# Läufer Radiergummis !!!



## Jim Space (7. November 2005)

Hallo alle zusammen

Ein Tip für euch:

Nehmt Läufer Radiergummis als Bremsbeläge!!!!!!!!!!!!!!!!!!!!!!!!!!!!!!!!

müsst ihr nur zurechtschneiden und dann gehen sie ab wie schmidts katze!!!!!!

Bei Nässe bremst der blaue teil, sehr gut und bei trockenen Verhältnissen der rote teil!!!!!!!!!

Super Druckpunkt, Dosierbarkeit, und und und!!!

Die Dinger sind echt der Hammer!

Fotos kommen noch! (Digital Kamera kaputt)


----------



## M!et$ch0rek (7. November 2005)

Jim Space schrieb:
			
		

> Hallo alle zusammen
> 
> Ein Tip für euch:
> 
> ...




verschleiß???

EDIT// 
beschreib ma bitte detailliert wie du die teile genau gebastelt hast,ich will das mal in ner langweiligen stunde nachbauen


----------



## MTB-News.de




----------



## MSC-Trialer (7. November 2005)

Jim Space schrieb:
			
		

> Hallo alle zusammen
> 
> Ein Tip für euch:
> 
> ...




Wieso hast du das verraten? Damit hättest du reich werden können  . 
Siehst doch was man für Bremsbeläge verlangen kann.


----------



## Jonny_Menkakow (7. November 2005)

wenn ich mir das so durchles kann ich ehrlich gesagt absolut nich glauben, dass radiergummis als brakepads was taugen sollen. verdammt die dinger sind höllisch weich. nach pa ma bremsen sind die doch weg?!  

jetz komm nich mit "die blaue seite is doch härter"


----------



## tinitram (7. November 2005)

erklär mal wie du die gebaut hast dass die einfach so im/am kolben halten... ich hätt da total schiss dass die sich einfach mal eben lösen...

beschreibung bitte


----------



## isah (7. November 2005)

du nimmst einfach die alten plastikdinger von alten belägen, und klebst den radiergummi drauf.. 

http://www.observedtrials.net/vb/showthread.php?t=7421&highlight=brake+pads


----------



## tony m (7. November 2005)

Jau, hatten wir ja damals drüber gesprochen! Ich habs auch ausprobiert und bin von dem resultat durchaus positiv überrascht!

Ja, bremsen sich schneller runter als standard oder trialbeläge.Im endeffekt ist das preis/leistungsverhältnis nicht zu schlagen!

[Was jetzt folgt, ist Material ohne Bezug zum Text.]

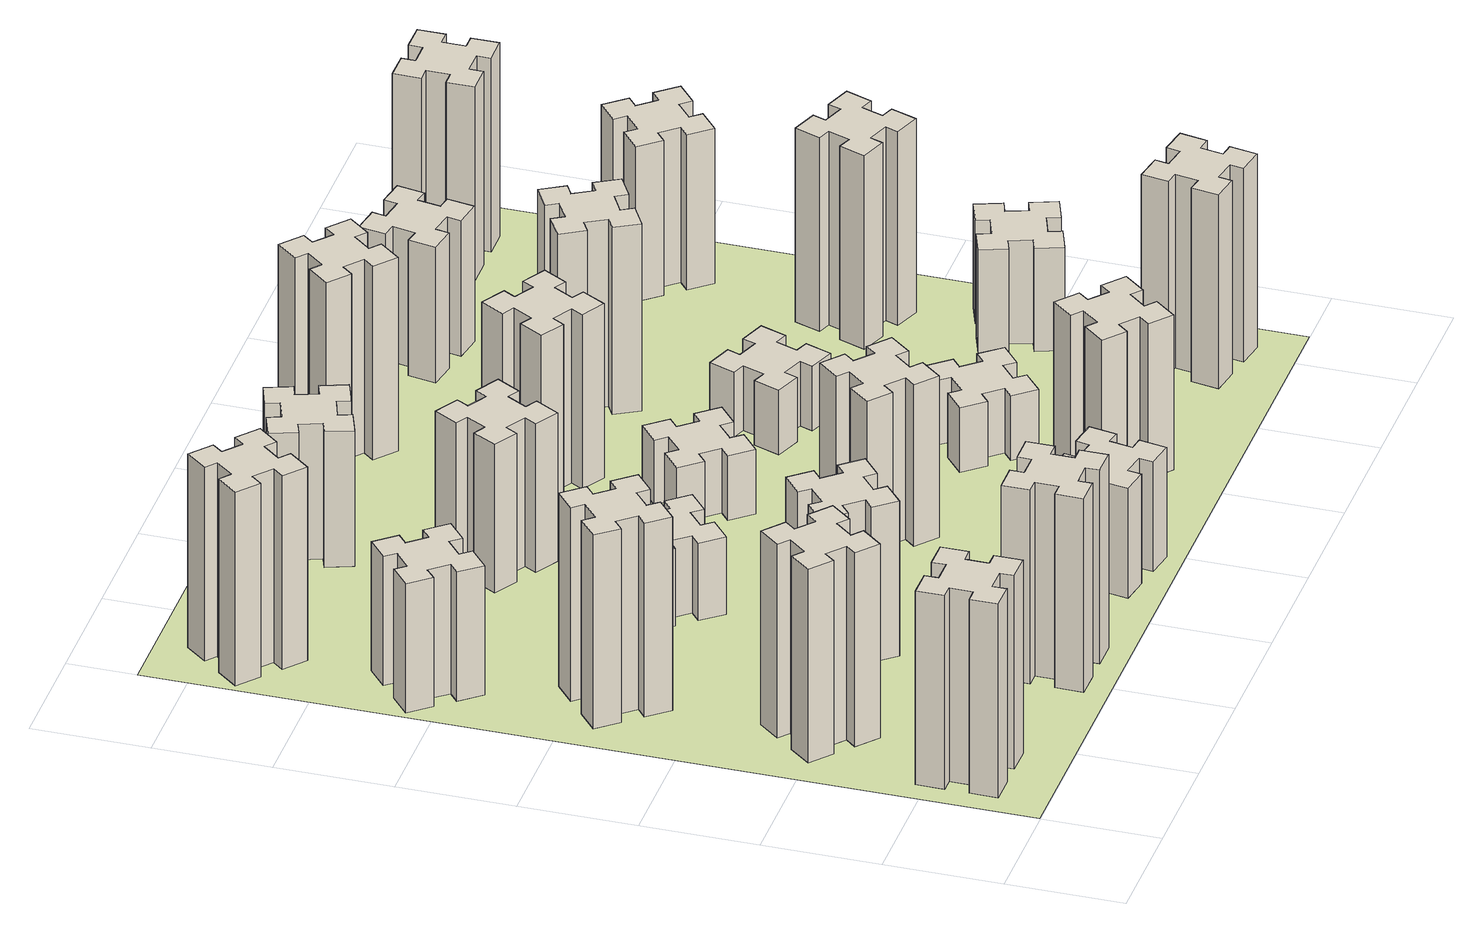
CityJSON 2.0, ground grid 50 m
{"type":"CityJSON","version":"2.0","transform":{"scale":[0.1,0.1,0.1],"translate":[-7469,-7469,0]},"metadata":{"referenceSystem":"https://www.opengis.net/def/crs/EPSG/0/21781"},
"CityObjects":{
"building1":{"type":"Building","attributes":{"class":"1000","function":"1000","usage":"1000","yearOfConstruction":2016,"roofType":"1000","measuredHeight":90,"storeysAboveGround":30,"storeysBelowGround":0},"geometry":[{"type":"Solid","lod":"1","boundaries":[[[[0,1,2,3,4,5,6,7,8,9,10,11,12,13,14,15,16,17,18,19]],[[17,16,20,21]],[[16,15,22,20]],[[15,14,23,22]],[[14,13,24,23]],[[13,12,25,24]],[[12,11,26,25]],[[11,10,27,26]],[[10,9,28,27]],[[9,8,29,28]],[[8,7,30,29]],[[7,6,31,30]],[[6,5,32,31]],[[5,4,33,32]],[[4,3,34,33]],[[3,2,35,34]],[[2,1,36,35]],[[1,0,37,36]],[[0,19,38,37]],[[19,18,39,38]],[[18,17,21,39]],[[24,25,26,27,28,29,30,31,32,33,34,35,36,37,38,39,21,20,22,23]]]]}]},
"building2":{"type":"Building","attributes":{"class":"1000","function":"1000","usage":"1000","yearOfConstruction":2016,"roofType":"1000","measuredHeight":90,"storeysAboveGround":30,"storeysBelowGround":0},"geometry":[{"type":"Solid","lod":"1","boundaries":[[[[40,41,42,43,44,45,46,47,48,49,50,51,52,53,54,55,56,57,58,59]],[[57,56,60,61]],[[56,55,62,60]],[[55,54,63,62]],[[54,53,64,63]],[[53,52,65,64]],[[52,51,66,65]],[[51,50,67,66]],[[50,49,68,67]],[[49,48,69,68]],[[48,47,70,69]],[[47,46,71,70]],[[46,45,72,71]],[[45,44,73,72]],[[44,43,74,73]],[[43,42,75,74]],[[42,41,76,75]],[[41,40,77,76]],[[40,59,78,77]],[[59,58,79,78]],[[58,57,61,79]],[[64,65,66,67,68,69,70,71,72,73,74,75,76,77,78,79,61,60,62,63]]]]}]},
"building3":{"type":"Building","attributes":{"class":"1000","function":"1000","usage":"1000","yearOfConstruction":2016,"roofType":"1000","measuredHeight":90,"storeysAboveGround":30,"storeysBelowGround":0},"geometry":[{"type":"Solid","lod":"1","boundaries":[[[[80,81,82,83,84,85,86,87,88,89,90,91,92,93,94,95,96,97,98,99]],[[97,96,100,101]],[[96,95,102,100]],[[95,94,103,102]],[[94,93,104,103]],[[93,92,105,104]],[[92,91,106,105]],[[91,90,107,106]],[[90,89,108,107]],[[89,88,109,108]],[[88,87,110,109]],[[87,86,111,110]],[[86,85,112,111]],[[85,84,113,112]],[[84,83,114,113]],[[83,82,115,114]],[[82,81,116,115]],[[81,80,117,116]],[[80,99,118,117]],[[99,98,119,118]],[[98,97,101,119]],[[104,105,106,107,108,109,110,111,112,113,114,115,116,117,118,119,101,100,102,103]]]]}]},
"building4":{"type":"Building","attributes":{"class":"1000","function":"1000","usage":"1000","yearOfConstruction":2016,"roofType":"1000","measuredHeight":60,"storeysAboveGround":30,"storeysBelowGround":0},"geometry":[{"type":"Solid","lod":"1","boundaries":[[[[120,121,122,123,124,125,126,127,128,129,130,131,132,133,134,135,136,137,138,139]],[[137,136,140,141]],[[136,135,142,140]],[[135,134,143,142]],[[134,133,144,143]],[[133,132,145,144]],[[132,131,146,145]],[[131,130,147,146]],[[130,129,148,147]],[[129,128,149,148]],[[128,127,150,149]],[[127,126,151,150]],[[126,125,152,151]],[[125,124,153,152]],[[124,123,154,153]],[[123,122,155,154]],[[122,121,156,155]],[[121,120,157,156]],[[120,139,158,157]],[[139,138,159,158]],[[138,137,141,159]],[[144,145,146,147,148,149,150,151,152,153,154,155,156,157,158,159,141,140,142,143]]]]}]},
"building5":{"type":"Building","attributes":{"class":"1000","function":"1000","usage":"1000","yearOfConstruction":2016,"roofType":"1000","measuredHeight":90,"storeysAboveGround":30,"storeysBelowGround":0},"geometry":[{"type":"Solid","lod":"1","boundaries":[[[[160,161,162,163,164,165,166,167,168,169,170,171,172,173,174,175,176,177,178,179]],[[177,176,180,181]],[[176,175,182,180]],[[175,174,183,182]],[[174,173,184,183]],[[173,172,185,184]],[[172,171,186,185]],[[171,170,187,186]],[[170,169,188,187]],[[169,168,189,188]],[[168,167,190,189]],[[167,166,191,190]],[[166,165,192,191]],[[165,164,193,192]],[[164,163,194,193]],[[163,162,195,194]],[[162,161,196,195]],[[161,160,197,196]],[[160,179,198,197]],[[179,178,199,198]],[[178,177,181,199]],[[184,185,186,187,188,189,190,191,192,193,194,195,196,197,198,199,181,180,182,183]]]]}]},
"building6":{"type":"Building","attributes":{"class":"1000","function":"1000","usage":"1000","yearOfConstruction":2016,"roofType":"1000","measuredHeight":90,"storeysAboveGround":30,"storeysBelowGround":0},"geometry":[{"type":"Solid","lod":"1","boundaries":[[[[200,201,202,203,204,205,206,207,208,209,210,211,212,213,214,215,216,217,218,219]],[[217,216,220,221]],[[216,215,222,220]],[[215,214,223,222]],[[214,213,224,223]],[[213,212,225,224]],[[212,211,226,225]],[[211,210,227,226]],[[210,209,228,227]],[[209,208,229,228]],[[208,207,230,229]],[[207,206,231,230]],[[206,205,232,231]],[[205,204,233,232]],[[204,203,234,233]],[[203,202,235,234]],[[202,201,236,235]],[[201,200,237,236]],[[200,219,238,237]],[[219,218,239,238]],[[218,217,221,239]],[[224,225,226,227,228,229,230,231,232,233,234,235,236,237,238,239,221,220,222,223]]]]}]},
"building7":{"type":"Building","attributes":{"class":"1000","function":"1000","usage":"1000","yearOfConstruction":2016,"roofType":"1000","measuredHeight":72,"storeysAboveGround":30,"storeysBelowGround":0},"geometry":[{"type":"Solid","lod":"1","boundaries":[[[[240,241,242,243,244,245,246,247,248,249,250,251,252,253,254,255,256,257,258,259]],[[257,256,260,261]],[[256,255,262,260]],[[255,254,263,262]],[[254,253,264,263]],[[253,252,265,264]],[[252,251,266,265]],[[251,250,267,266]],[[250,249,268,267]],[[249,248,269,268]],[[248,247,270,269]],[[247,246,271,270]],[[246,245,272,271]],[[245,244,273,272]],[[244,243,274,273]],[[243,242,275,274]],[[242,241,276,275]],[[241,240,277,276]],[[240,259,278,277]],[[259,258,279,278]],[[258,257,261,279]],[[264,265,266,267,268,269,270,271,272,273,274,275,276,277,278,279,261,260,262,263]]]]}]},
"building8":{"type":"Building","attributes":{"class":"1000","function":"1000","usage":"1000","yearOfConstruction":2016,"roofType":"1000","measuredHeight":36,"storeysAboveGround":30,"storeysBelowGround":0},"geometry":[{"type":"Solid","lod":"1","boundaries":[[[[280,281,282,283,284,285,286,287,288,289,290,291,292,293,294,295,296,297,298,299]],[[297,296,300,301]],[[296,295,302,300]],[[295,294,303,302]],[[294,293,304,303]],[[293,292,305,304]],[[292,291,306,305]],[[291,290,307,306]],[[290,289,308,307]],[[289,288,309,308]],[[288,287,310,309]],[[287,286,311,310]],[[286,285,312,311]],[[285,284,313,312]],[[284,283,314,313]],[[283,282,315,314]],[[282,281,316,315]],[[281,280,317,316]],[[280,299,318,317]],[[299,298,319,318]],[[298,297,301,319]],[[304,305,306,307,308,309,310,311,312,313,314,315,316,317,318,319,301,300,302,303]]]]}]},
"building9":{"type":"Building","attributes":{"class":"1000","function":"1000","usage":"1000","yearOfConstruction":2016,"roofType":"1000","measuredHeight":51,"storeysAboveGround":30,"storeysBelowGround":0},"geometry":[{"type":"Solid","lod":"1","boundaries":[[[[320,321,322,323,324,325,326,327,328,329,330,331,332,333,334,335,336,337,338,339]],[[337,336,340,341]],[[336,335,342,340]],[[335,334,343,342]],[[334,333,344,343]],[[333,332,345,344]],[[332,331,346,345]],[[331,330,347,346]],[[330,329,348,347]],[[329,328,349,348]],[[328,327,350,349]],[[327,326,351,350]],[[326,325,352,351]],[[325,324,353,352]],[[324,323,354,353]],[[323,322,355,354]],[[322,321,356,355]],[[321,320,357,356]],[[320,339,358,357]],[[339,338,359,358]],[[338,337,341,359]],[[344,345,346,347,348,349,350,351,352,353,354,355,356,357,358,359,341,340,342,343]]]]}]},
"building10":{"type":"Building","attributes":{"class":"1000","function":"1000","usage":"1000","yearOfConstruction":2016,"roofType":"1000","measuredHeight":69,"storeysAboveGround":30,"storeysBelowGround":0},"geometry":[{"type":"Solid","lod":"1","boundaries":[[[[360,361,362,363,364,365,366,367,368,369,370,371,372,373,374,375,376,377,378,379]],[[377,376,380,381]],[[376,375,382,380]],[[375,374,383,382]],[[374,373,384,383]],[[373,372,385,384]],[[372,371,386,385]],[[371,370,387,386]],[[370,369,388,387]],[[369,368,389,388]],[[368,367,390,389]],[[367,366,391,390]],[[366,365,392,391]],[[365,364,393,392]],[[364,363,394,393]],[[363,362,395,394]],[[362,361,396,395]],[[361,360,397,396]],[[360,379,398,397]],[[379,378,399,398]],[[378,377,381,399]],[[384,385,386,387,388,389,390,391,392,393,394,395,396,397,398,399,381,380,382,383]]]]}]},
"building11":{"type":"Building","attributes":{"class":"1000","function":"1000","usage":"1000","yearOfConstruction":2016,"roofType":"1000","measuredHeight":63,"storeysAboveGround":30,"storeysBelowGround":0},"geometry":[{"type":"Solid","lod":"1","boundaries":[[[[400,401,402,403,404,405,406,407,408,409,410,411,412,413,414,415,416,417,418,419]],[[417,416,420,421]],[[416,415,422,420]],[[415,414,423,422]],[[414,413,424,423]],[[413,412,425,424]],[[412,411,426,425]],[[411,410,427,426]],[[410,409,428,427]],[[409,408,429,428]],[[408,407,430,429]],[[407,406,431,430]],[[406,405,432,431]],[[405,404,433,432]],[[404,403,434,433]],[[403,402,435,434]],[[402,401,436,435]],[[401,400,437,436]],[[400,419,438,437]],[[419,418,439,438]],[[418,417,421,439]],[[424,425,426,427,428,429,430,431,432,433,434,435,436,437,438,439,421,420,422,423]]]]}]},
"building12":{"type":"Building","attributes":{"class":"1000","function":"1000","usage":"1000","yearOfConstruction":2016,"roofType":"1000","measuredHeight":75,"storeysAboveGround":30,"storeysBelowGround":0},"geometry":[{"type":"Solid","lod":"1","boundaries":[[[[440,441,442,443,444,445,446,447,448,449,450,451,452,453,454,455,456,457,458,459]],[[457,456,460,461]],[[456,455,462,460]],[[455,454,463,462]],[[454,453,464,463]],[[453,452,465,464]],[[452,451,466,465]],[[451,450,467,466]],[[450,449,468,467]],[[449,448,469,468]],[[448,447,470,469]],[[447,446,471,470]],[[446,445,472,471]],[[445,444,473,472]],[[444,443,474,473]],[[443,442,475,474]],[[442,441,476,475]],[[441,440,477,476]],[[440,459,478,477]],[[459,458,479,478]],[[458,457,461,479]],[[464,465,466,467,468,469,470,471,472,473,474,475,476,477,478,479,461,460,462,463]]]]}]},
"building13":{"type":"Building","attributes":{"class":"1000","function":"1000","usage":"1000","yearOfConstruction":2016,"roofType":"1000","measuredHeight":30,"storeysAboveGround":30,"storeysBelowGround":0},"geometry":[{"type":"Solid","lod":"1","boundaries":[[[[480,481,482,483,484,485,486,487,488,489,490,491,492,493,494,495,496,497,498,499]],[[497,496,500,501]],[[496,495,502,500]],[[495,494,503,502]],[[494,493,504,503]],[[493,492,505,504]],[[492,491,506,505]],[[491,490,507,506]],[[490,489,508,507]],[[489,488,509,508]],[[488,487,510,509]],[[487,486,511,510]],[[486,485,512,511]],[[485,484,513,512]],[[484,483,514,513]],[[483,482,515,514]],[[482,481,516,515]],[[481,480,517,516]],[[480,499,518,517]],[[499,498,519,518]],[[498,497,501,519]],[[504,505,506,507,508,509,510,511,512,513,514,515,516,517,518,519,501,500,502,503]]]]}]},
"building14":{"type":"Building","attributes":{"class":"1000","function":"1000","usage":"1000","yearOfConstruction":2016,"roofType":"1000","measuredHeight":81,"storeysAboveGround":30,"storeysBelowGround":0},"geometry":[{"type":"Solid","lod":"1","boundaries":[[[[520,521,522,523,524,525,526,527,528,529,530,531,532,533,534,535,536,537,538,539]],[[537,536,540,541]],[[536,535,542,540]],[[535,534,543,542]],[[534,533,544,543]],[[533,532,545,544]],[[532,531,546,545]],[[531,530,547,546]],[[530,529,548,547]],[[529,528,549,548]],[[528,527,550,549]],[[527,526,551,550]],[[526,525,552,551]],[[525,524,553,552]],[[524,523,554,553]],[[523,522,555,554]],[[522,521,556,555]],[[521,520,557,556]],[[520,539,558,557]],[[539,538,559,558]],[[538,537,541,559]],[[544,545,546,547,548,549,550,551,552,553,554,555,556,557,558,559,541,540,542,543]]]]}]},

Zu beachten ist hierbei, dass man die felge immer wieder von feinstem gummiabrieb befreien muss: sprich, alle paar minuten mit nem tuch rübergehen. auch hilft es nicht, wenn man die felge angeflext fährt, weil da dann noch mehr gummiteilchen hängen bleiben. Bitumen sollte man auch meiden, dadurch ist mir ein gummi aus der verankerung gerissen und ich hab mich derbe aufs mett gepackt!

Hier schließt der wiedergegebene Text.